En accord avec cette négation du temps, Beckett suggère que l’espace dépend de celui qui se
le représente, et dans ce mauvais rêve, l’espace se réduit à un point fixe (au pied de l’arbre), un lieu exigu
qui invite au départ, mais qui retient comme le papier gluant pour attraper les mouches.
Les deux notions
fondatrices de la pensée et du langage sont appauvries,
sapées par ce dépouillement scénique et dramaturgique.
Mais il demeure un paradoxe dans cet univers qui apparaît si noir en théorie : une telle fatalité ne peut
peser bien lourd à des personnages privés de mémoire ! En inventant une forme légère de la fatalité,
aussi dérisoire que ses victimes, Beckett laisse au metteur en scène le choix fondamental entre le rire et
les larmes : les jeux visuels (l.
26-31, 48-49) comme les échanges oraux (l.

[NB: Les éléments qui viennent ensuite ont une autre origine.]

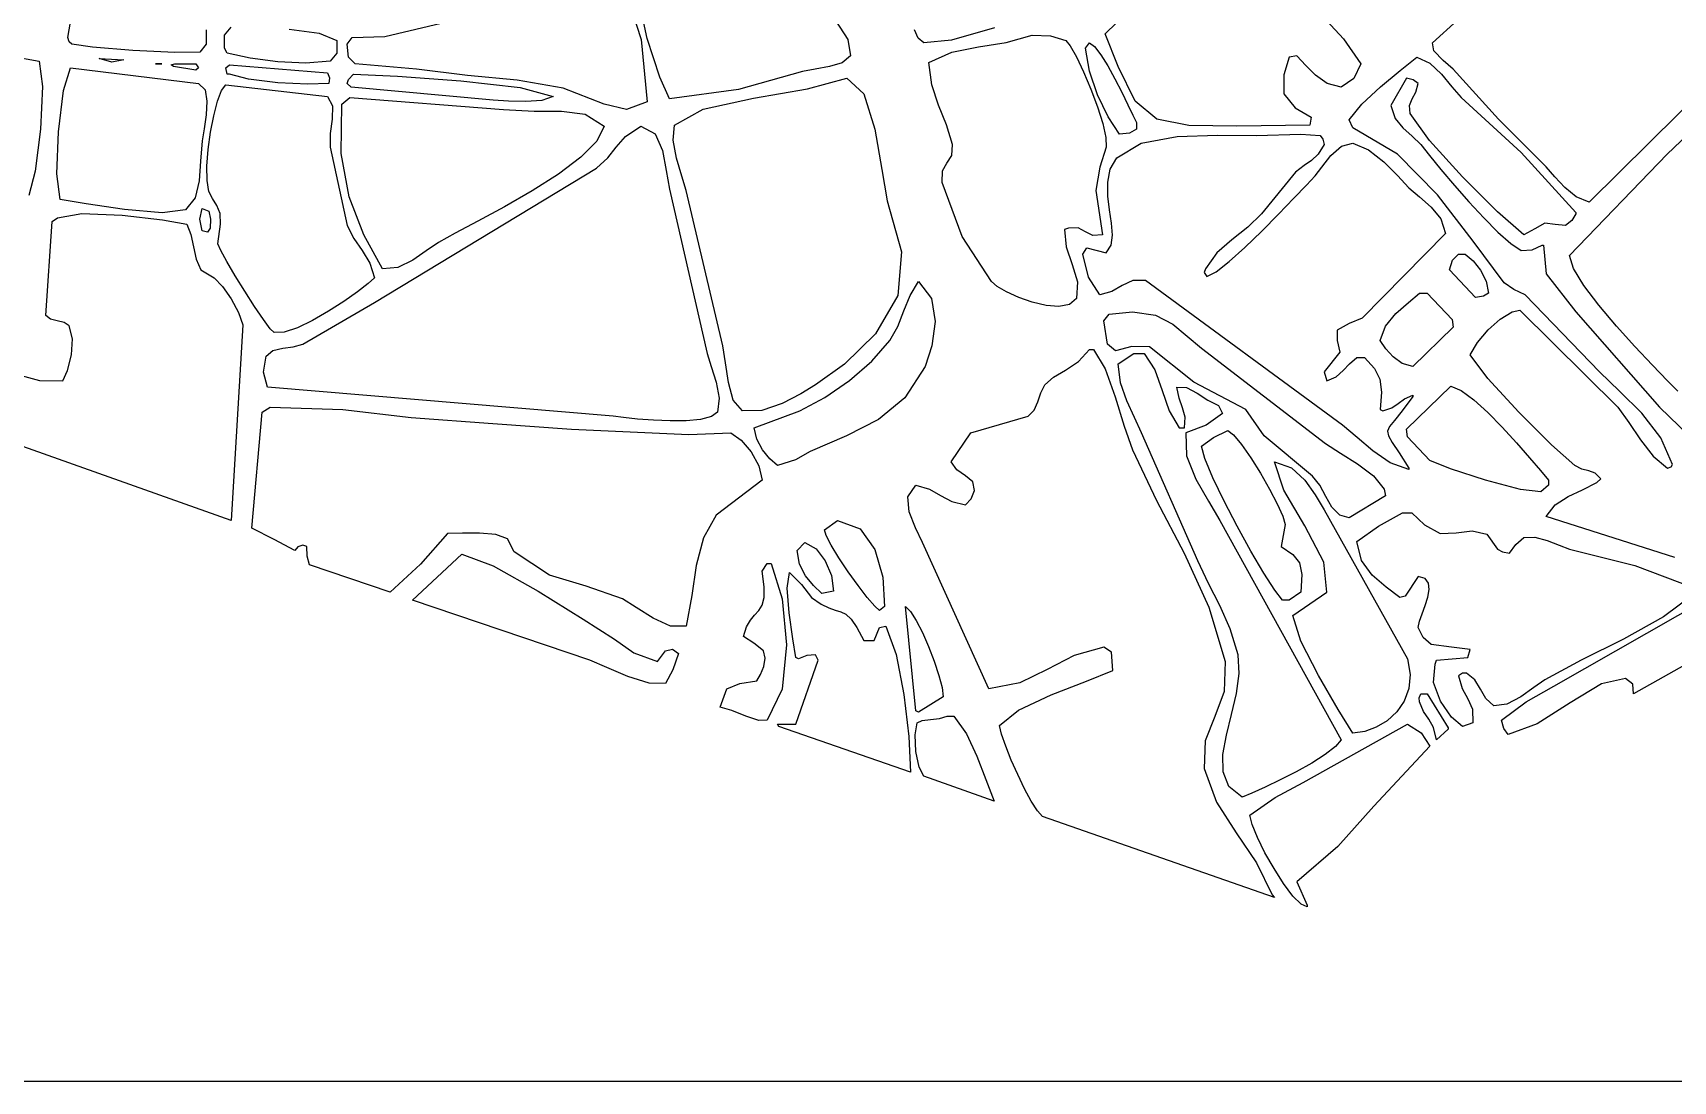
# Model space of a CAD drawing. Extents: x 0 to 12.1, y 0 to 10.7.
# Drawn here: x 4.41 to 7.763, y 0 to 2.142 of the extents above; entities that cross this region are included whole.
import ezdxf

# ---------------------------------------------------------------- set-up
doc = ezdxf.new("R2010")
doc.units = 0
doc.layers.get('0').update_dxf_attribs({"linetype": 'CONTINUOUS'})

msp = doc.modelspace()

# ---------------------------------------------------------------- linework, layer by layer
at = {"color": 0}
for p, q in [((7.27115, 2.12185), (7.61806, 2.43647)), ((5.61806, 2.23921), (5.65403, 2.12912)), ((5.12989, 2.13504), (5.42329, 2.20449)), ((5.6659, 2.13118), (5.64876, 2.21035)), ((6.60211, 2.14063), (6.64849, 2.18544)), ((7.03792, 2.18619), (7.08925, 2.13037)), ((4.48193, 2.13265), (4.48714, 2.16456)), ((4.7646, 2.1486), (4.7646, 2.11908)), ((4.80208, 2.13786), (4.81526, 2.15381)), ((4.93414, 2.14968), (4.99576, 2.14154)), ((6.05094, 2.16758), (6.07601, 2.12885)), ((6.22006, 2.13124), (6.21257, 2.14828)), ((6.37619, 2.15272), (6.28782, 2.12739)), ((4.48432, 2.12397), (4.48193, 2.13265)), ((4.4899, 2.11908), (4.48432, 2.12397)), ((4.53185, 2.1129), (4.4899, 2.11908)), ((4.61447, 2.10656), (4.53185, 2.1129)), ((4.7646, 2.11908), (4.75142, 2.10314)), ((4.80208, 2.11111), (4.80208, 2.13786)), ((4.99576, 2.14154), (5.03125, 2.12706)), ((5.03125, 2.12706), (5.03125, 2.10069)), ((5.05279, 2.11908), (5.06321, 2.13265)), ((5.05524, 2.09272), (5.05279, 2.11908)), ((5.06321, 2.13265), (5.12989, 2.13504)), ((5.65403, 2.12912), (5.66596, 2.00174)), ((5.69179, 2.05208), (5.6659, 2.13118)), ((6.07601, 2.12885), (6.08192, 2.09511)), ((6.23122, 2.12185), (6.22006, 2.13124)), ((6.28782, 2.12739), (6.23122, 2.12185)), ((6.28857, 2.10281), (6.3431, 2.1135)), ((6.3431, 2.1135), (6.39974, 2.12239)), ((6.39974, 2.12239), (6.45281, 2.13786)), ((6.45281, 2.13786), (6.49067, 2.13644)), ((6.49067, 2.13644), (6.52186, 2.12706)), ((6.52186, 2.12706), (6.53097, 2.116)), ((6.53097, 2.116), (6.54357, 2.09343)), ((6.56218, 2.11111), (6.57015, 2.12185)), ((6.57015, 2.12185), (6.58068, 2.11426)), ((6.58068, 2.11426), (6.59347, 2.09771)), ((6.62879, 2.07394), (6.60211, 2.14063)), ((7.08925, 2.13037), (7.12468, 2.07915)), ((7.27399, 2.1059), (7.27115, 2.12185)), ((4.36214, 2.09511), (4.42329, 2.08469)), ((4.42329, 2.08469), (4.42996, 2.0325)), ((4.54585, 2.0899), (4.59651, 2.08712)), ((4.5715, 2.08274), (4.54585, 2.0899)), ((4.59651, 2.08712), (4.5715, 2.08274)), ((4.70014, 2.10249), (4.61447, 2.10656)), ((4.66075, 2.07915), (4.67393, 2.07915)), ((4.67393, 2.07915), (4.66075, 2.07915)), ((4.69271, 2.07671), (4.70068, 2.07915)), ((4.75142, 2.10314), (4.70014, 2.10249)), ((4.70068, 2.07915), (4.74338, 2.07915)), ((4.74338, 2.07915), (4.74858, 2.07118)), ((4.80729, 2.10069), (4.80208, 2.11111)), ((4.85444, 2.0906), (4.80729, 2.10069)), ((4.91064, 2.08333), (4.85444, 2.0906)), ((4.96789, 2.08072), (4.91064, 2.08333)), ((5.01807, 2.08469), (4.96789, 2.08072)), ((5.03125, 2.10069), (5.01807, 2.08469)), ((5.06874, 2.07915), (5.05524, 2.09272)), ((5.19412, 2.06842), (5.06874, 2.07915)), ((6.06461, 2.08143), (6.03836, 2.07335)), ((6.08192, 2.09511), (6.06461, 2.08143)), ((6.24203, 2.08192), (6.28857, 2.10281)), ((6.24794, 2.03624), (6.24203, 2.08192)), ((6.54357, 2.09343), (6.55806, 2.06282)), ((6.57021, 2.06429), (6.56218, 2.11111)), ((6.59347, 2.09771), (6.60758, 2.07488)), ((6.97814, 2.09272), (6.9675, 2.05686)), ((6.99408, 2.09511), (6.97814, 2.09272)), ((7.01237, 2.0759), (6.99408, 2.09511)), ((7.12468, 2.07915), (7.11029, 2.04937)), ((7.20535, 2.06521), (7.23926, 2.09272)), ((7.23926, 2.09272), (7.26585, 2.0804)), ((7.26585, 2.0804), (7.28965, 2.05783)), ((7.29292, 2.08604), (7.27399, 2.1059)), ((7.31392, 2.06842), (7.29292, 2.08604)), ((7.75097, 1.89438), (7.95936, 2.09272)), ((4.47308, 2.02425), (4.48714, 2.07118)), ((4.48714, 2.07118), (4.74858, 2.03922)), ((4.69792, 2.07394), (4.69271, 2.07671)), ((4.74338, 2.06597), (4.69792, 2.07394)), ((4.74858, 2.07118), (4.74338, 2.06597)), ((4.80453, 2.07118), (4.8125, 2.07671)), ((4.80729, 2.058), (4.80453, 2.07118)), ((4.8125, 2.058), (4.80729, 2.058)), ((4.8125, 2.07671), (5.01247, 2.06039)), ((4.85069, 2.0479), (4.8125, 2.058)), ((4.91081, 2.04058), (4.85069, 2.0479)), ((5.01247, 2.06039), (5.01633, 2.05057)), ((5.01633, 2.05057), (5.01531, 2.03922)), ((5.05279, 2.03922), (5.05524, 2.04719)), ((5.05524, 2.04719), (5.06597, 2.058)), ((5.06597, 2.058), (5.15587, 2.0536)), ((5.15587, 2.0536), (5.28504, 2.04438)), ((5.29899, 2.05501), (5.19412, 2.06842)), ((5.40012, 2.04563), (5.29899, 2.05501)), ((5.49425, 2.02968), (5.40012, 2.04563)), ((5.71149, 2.00726), (5.69179, 2.05208)), ((5.98335, 2.06321), (5.8526, 2.02686)), ((6.00922, 2.06819), (5.98335, 2.06321)), ((5.99343, 2.028), (6.07394, 2.04997)), ((6.03836, 2.07335), (6.00922, 2.06819)), ((6.07394, 2.04997), (6.10906, 2.01801)), ((6.55806, 2.06282), (6.57286, 2.02756)), ((6.58686, 2.01568), (6.57021, 2.06429)), ((6.60758, 2.07488), (6.62218, 2.04844)), ((6.62218, 2.04844), (6.63624, 2.02106)), ((6.66385, 2.00261), (6.62879, 2.07394)), ((6.9675, 2.05686), (6.96733, 2.01807)), ((7.0325, 2.05561), (7.01237, 2.0759)), ((7.05599, 2.03906), (7.0325, 2.05561)), ((7.11029, 2.04937), (7.08475, 2.03125)), ((7.16487, 2.03174), (7.20535, 2.06521)), ((7.21804, 2.04997), (7.18608, 1.99376)), ((7.23204, 2.04611), (7.21804, 2.04997)), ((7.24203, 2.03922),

15-25, 50-56), qui dénotent
toujours une chute, physique ou spirituelle, sont d’une telle neutralité tonale, qu’ils peuvent donner lieu
aussi justement à des représentations opposées, tragique autant que comique.
Le choix artistique
retrouve ainsi sa qualité de parti pris idéologique, affiche une conception de la vie et du destin, autant
qu’une certaine idée de l’art.
Les personnages ne sont plus libres, pour que l’artiste le soit un peu plus.
4.
Comparaison avec le dénouement de Dom Juan
La différence majeure entre l’ambiguïté d’un texte classique, comme le dénouement du Dom Juan de
Molière, et celle d’un texte moderne, comme l’antidénouement d’En attendant Godot, paraît relever d’une
arithmétique des significations : le premier type d’ambivalence sémantique est cumulatif (des sens
multiples s’additionnent entre eux, s’enrichissent mutuellement), tandis que le second est éliminatoire,
comme un zéro dans une multiplication (des vestiges de sens s’excluent les uns les autres,
s’appauvrissent par division infinie.
»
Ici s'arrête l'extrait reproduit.